DESCRIPTION (provided by applicant): In long-term studies, we have discovered important associations of impaired cognitive development, physical fitness, and growth with early childhood diarrhea and malnutrition in favela (shantytown) children in Northeast Brazil. Having found that an "Alzheimer's-like" deficit in higher executive function and semantic fluency were most affected, we then found a striking association of the "Alzheimer's gene," APOE4, with protection from the cognitive developmental impairments. Hence we postulate that early childhood diarrhea and its consequent malnutrition have their greatest impact via lasting impairment on cognitive development effects that are accentuated in individuals lacking the "protective" APOE4 allele and that specific micronutrient interventions can ameliorate this effect. In order to directly test our hypothesis that intestinal and cognitive impairments involve ApoE and that specific micronutrients can ameliorate these effects, and to examine potential mechanisms involved, we have established murine models of early malnutrition, growth, and cognitive development in both wild-type and APOE-knockout mice in our collaborations at the Federal University of Ceara (UFC) in Brazil and at the University of Virginia (UVa) respectively. Furthermore, with a synergistic new collaboration with colleagues at Duke University, we can specifically examine effects of APOE4 using human APOE4 targeted replacement "knock-in" mice to "close the loop" on our hypothesis and directly assess whether and how apoE4 is protective against intestinal and cognitive effects of malnutrition, studies that will have direct implications for the optimal health and development of children throughout developing areas. Hence our specific aims are to define the effects of malnutrition and specific micronutrients on intestinal, brain, and cognitive development in a murine model using outbred and inbred wild-type, ApoE knock-out (ko), and human ApoE4 targeted replacement "knock-in" C57BI mice. We will define the effects on intestinal and brain histology and maturation using immunohistochemical methods and studies of developmental milestones and behavioral ontogeny. We will seek to identify potential mechanisms of these effects in the intestine and brain including studies of IGF-1, and will examine the effects of glutamine, zinc, and arginine interventions.

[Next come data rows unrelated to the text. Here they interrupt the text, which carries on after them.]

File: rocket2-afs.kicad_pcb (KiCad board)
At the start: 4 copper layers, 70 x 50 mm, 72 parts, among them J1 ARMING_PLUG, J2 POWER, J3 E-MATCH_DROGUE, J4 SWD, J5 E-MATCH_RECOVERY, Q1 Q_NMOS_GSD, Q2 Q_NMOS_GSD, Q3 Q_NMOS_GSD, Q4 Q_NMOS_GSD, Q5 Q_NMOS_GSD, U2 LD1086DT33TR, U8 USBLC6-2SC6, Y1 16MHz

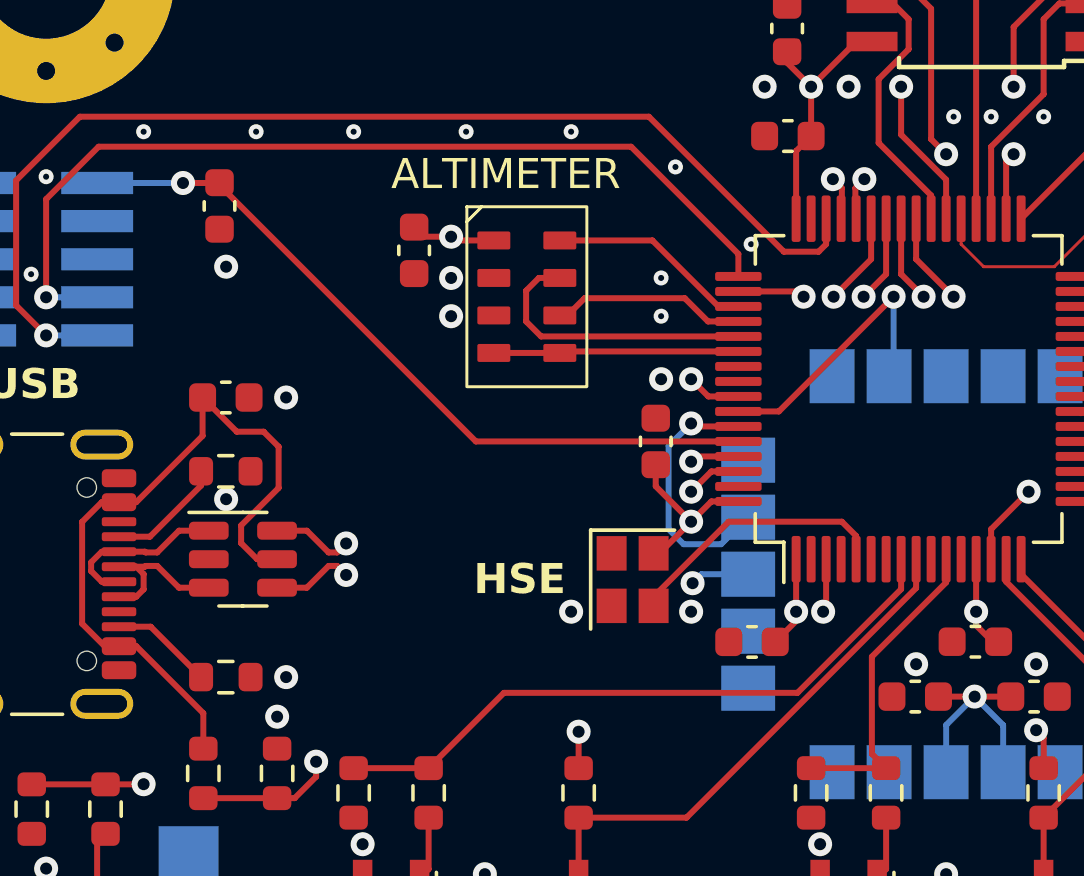
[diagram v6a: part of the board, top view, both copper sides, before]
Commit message: Moved BOOT0 Schematic to RST
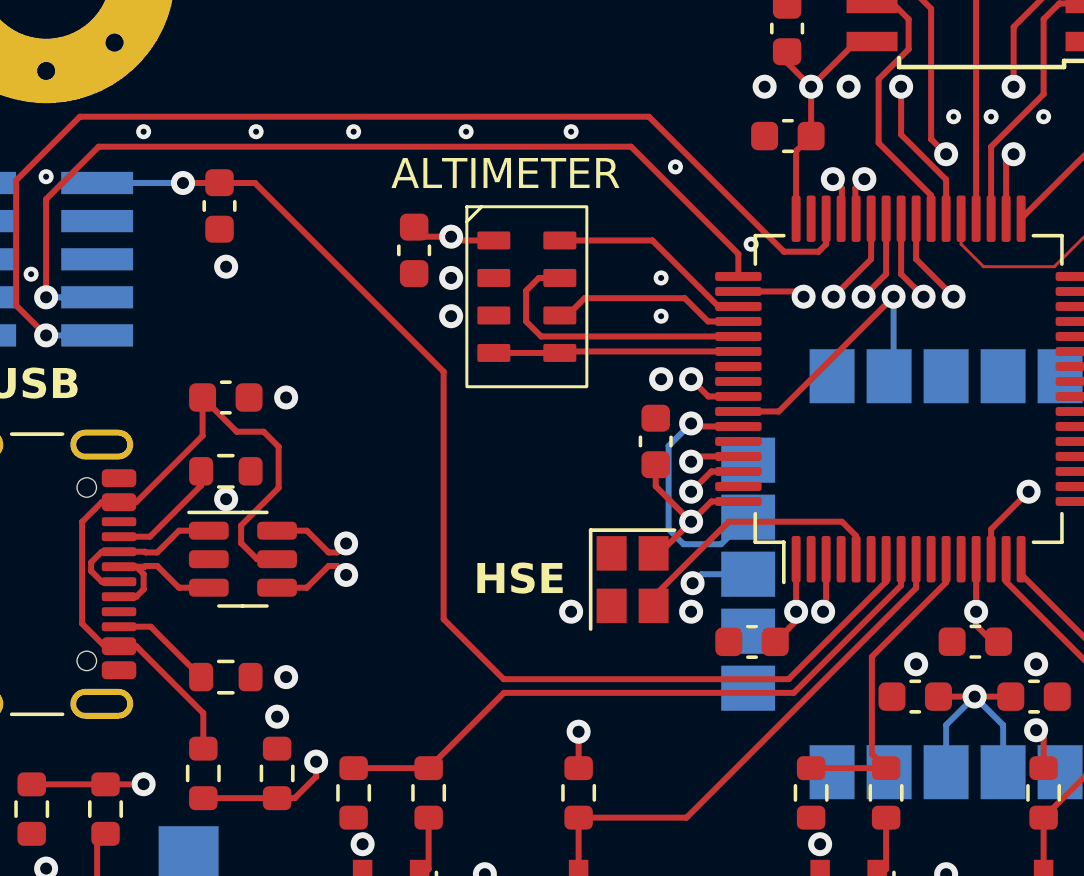
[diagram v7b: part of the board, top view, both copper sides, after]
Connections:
- U1 pad 60: NRST -> GND
- U1 pad 7: GND -> NRST
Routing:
- net NRST: track 26.2 -> 41.3 mm
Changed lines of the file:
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@@
       (net 38 "unconnected-(U1-PD1-Pad6)") (pinfunction "PD1") (pintype "bidirectional+no_connect"))
     (pad "7" smd roundrect (at -5.675 -0.75 90) (size 1.55 0.3) (layers "F.Cu" "F.Paste" "F.Mask") (roundrect_rratio 0.25)
-      (net 1 "GND") (pinfunction "~{RST}") (pintype "input"))
+      (net 2 "NRST") (pinfunction "~{RST}") (pintype "input"))
     (pad "8" smd roundrect (at -5.675 -0.25 90) (size 1.55 0.3) (layers "F.Cu" "F.Paste" "F.Mask") (roundrect_rratio 0.25)
       (net 23 "DROGUE") (pinfunction "PC0") (pintype "bidirectional"))
@@
       (net 34 "GPS_SDA") (pinfunction "PB7") (pintype "bidirectional"))
     (pad "60" smd roundrect (at -1.75 -5.675 90) (size 0.3 1.55) (layers "F.Cu" "F.Paste" "F.Mask") (roundrect_rratio 0.25)
-      (net 2 "NRST") (pinfunction "BOOT0") (pintype "input"))
+      (net 1 "GND") (pinfunction "BOOT0") (pintype "input"))
     (pad "61" smd roundrect (at -2.25 -5.675 90) (size 0.3 1.55) (layers "F.Cu" "F.Paste" "F.Mask") (roundrect_rratio 0.25)
       (net 63 "GPS_RESET") (pinfunction "PB8") (pintype "bidirectional"))
@@
   (via (at 132 70.25) (size 0.5) (drill 0.2) (layers "F.Cu" "B.Cu") (free) (net 1))
   (via (at 187 75) (size 0.8) (drill 0.4) (layers "F.Cu" "B.Cu") (free) (net 1))
-  (segment (start 130.71 71.96) (end 129.5625 71.96) (width 0.2) (layer "F.Cu") (net 2))
-  (segment (start 148.075 80.575) (end 139.325 80.575) (width 0.2) (layer "F.Cu") (net 2))
-  (segment (start 139.325 80.575) (end 130.71 71.96) (width 0.2) (layer "F.Cu") (net 2))
+  (segment (start 138.25 86.5) (end 138.25 78.25) (width 0.2) (layer "F.Cu") (net 2))
+  (segment (start 153 84.5) (end 153 85.25) (width 0.2) (layer "F.Cu") (net 2))
+  (segment (start 131.96 71.96) (end 129.5625 71.96) (width 0.2) (layer "F.Cu") (net 2))
+  (segment (start 140.25 88.5) (end 138.25 86.5) (width 0.2) (layer "F.Cu") (net 2))
+  (segment (start 153 85.25) (end 149.75 88.5) (width 0.2) (layer "F.Cu") (net 2))
+  (segment (start 149.75 88.5) (end 140.25 88.5) (width 0.2) (layer "F.Cu") (net 2))
+  (segment (start 138.25 78.25) (end 131.96 71.96) (width 0.2) (layer "F.Cu") (net 2))
   (via (at 129.5625 71.96) (size 0.8) (drill 0.4) (layers "F.Cu" "B.Cu") (net 2))
   (segment (start 129.75 72) (end 129.71 71.96) (width 0.2) (layer "B.Cu") (net 2))
@@
   (segment (start 154 85.462132) (end 154 84.5) (width 0.2) (layer "F.Cu") (net 22))
   (segment (start 142.75 95.13) (end 142.75 93.115) (width 0.2) (layer "F.Cu") (net 22))
-  (segment (start 153.5 85.5) (end 153.5 84.5) (width 0.2) (layer "F.Cu") (net 23))
-  (segment (start 137.75 91.465) (end 140.26 88.955) (width 0.2) (layer "F.Cu") (net 23))
-  (segment (start 140.26 88.955) (end 150.045 88.955) (width 0.2) (layer "F.Cu") (net 23))
   (segment (start 135.25 91.465) (end 137.75 91.465) (width 0.2) (layer "F.Cu") (net 23))
-  (segment (start 150.045 88.955) (end 153.5 85.5) (width 0.2) (layer "F.Cu") (net 23))
+  (segment (start 149.92 88.955) (end 153.5 85.375) (width 0.2) (layer "F.Cu") (net 23))
+  (segment (start 140.26 88.955) (end 149.92 88.955) (width 0.2) (layer "F.Cu") (net 23))
+  (segment (start 137.75 91.465) (end 140.26 88.955) (width 0.2) (layer "F.Cu") (net 23))
+  (segment (start 153.5 85.375) (end 153.5 84.5) (width 0.2) (layer "F.Cu") (net 23))
   (segment (start 155 85.274999) (end 155 84.5) (width 0.2) (layer "F.Cu") (net 24))
   (segment (start 152.525 87.749999) (end 155 85.274999) (width 0.2) (layer "F.Cu") (net 24))

描述（由申请人提供）：在长期研究中，我们发现巴西东北部贫民窟（棚户区）儿童的认知发育、身体健康和生长受损与幼儿腹泻和营养不良之间存在重要关联。在发现高级执行功能和语义流畅性的“阿尔茨海默氏症样”缺陷受到最大影响后，我们发现“阿尔茨海默氏症基因”APOE 4与认知发育障碍的保护有着惊人的关联。因此，我们假设，儿童早期腹泻及其随之而来的营养不良通过对认知发育影响的持久损害产生最大影响，这种影响在缺乏“保护性”APOE 4等位基因的个体中加重，并且特定的微量营养素干预可以改善这种影响。为了直接验证我们的假设，即肠道和认知障碍涉及ApoE，特定的微量营养素可以改善这些影响，并检查涉及的潜在机制，我们建立了早期营养不良，生长，我们与巴西塞阿拉联邦大学（UFC）和弗吉尼亚大学（UVa）合作，分别此外，通过与杜克大学同事的协同新合作，我们可以使用人类APOE 4靶向替代“敲入”小鼠来专门检查APOE 4的作用，以“闭合”我们的假设，并直接评估apoE 4是否以及如何保护肠道和营养不良的认知影响，这些研究将对整个发展中地区儿童的最佳健康和发展产生直接影响。因此，我们的具体目标是确定营养不良和特定的微量营养素对肠道，大脑和认知发育的小鼠模型使用远交和近交野生型，ApoE基因敲除（ko），和人类ApoE 4靶向替代“敲入”C57 BI小鼠。我们将使用免疫组织化学方法和发育里程碑和行为个体发生的研究来确定对肠和脑组织学和成熟的影响。我们将寻求确定这些影响在肠道和大脑中的潜在机制，包括IGF-1的研究，并将检查谷氨酰胺，锌和精氨酸干预的影响。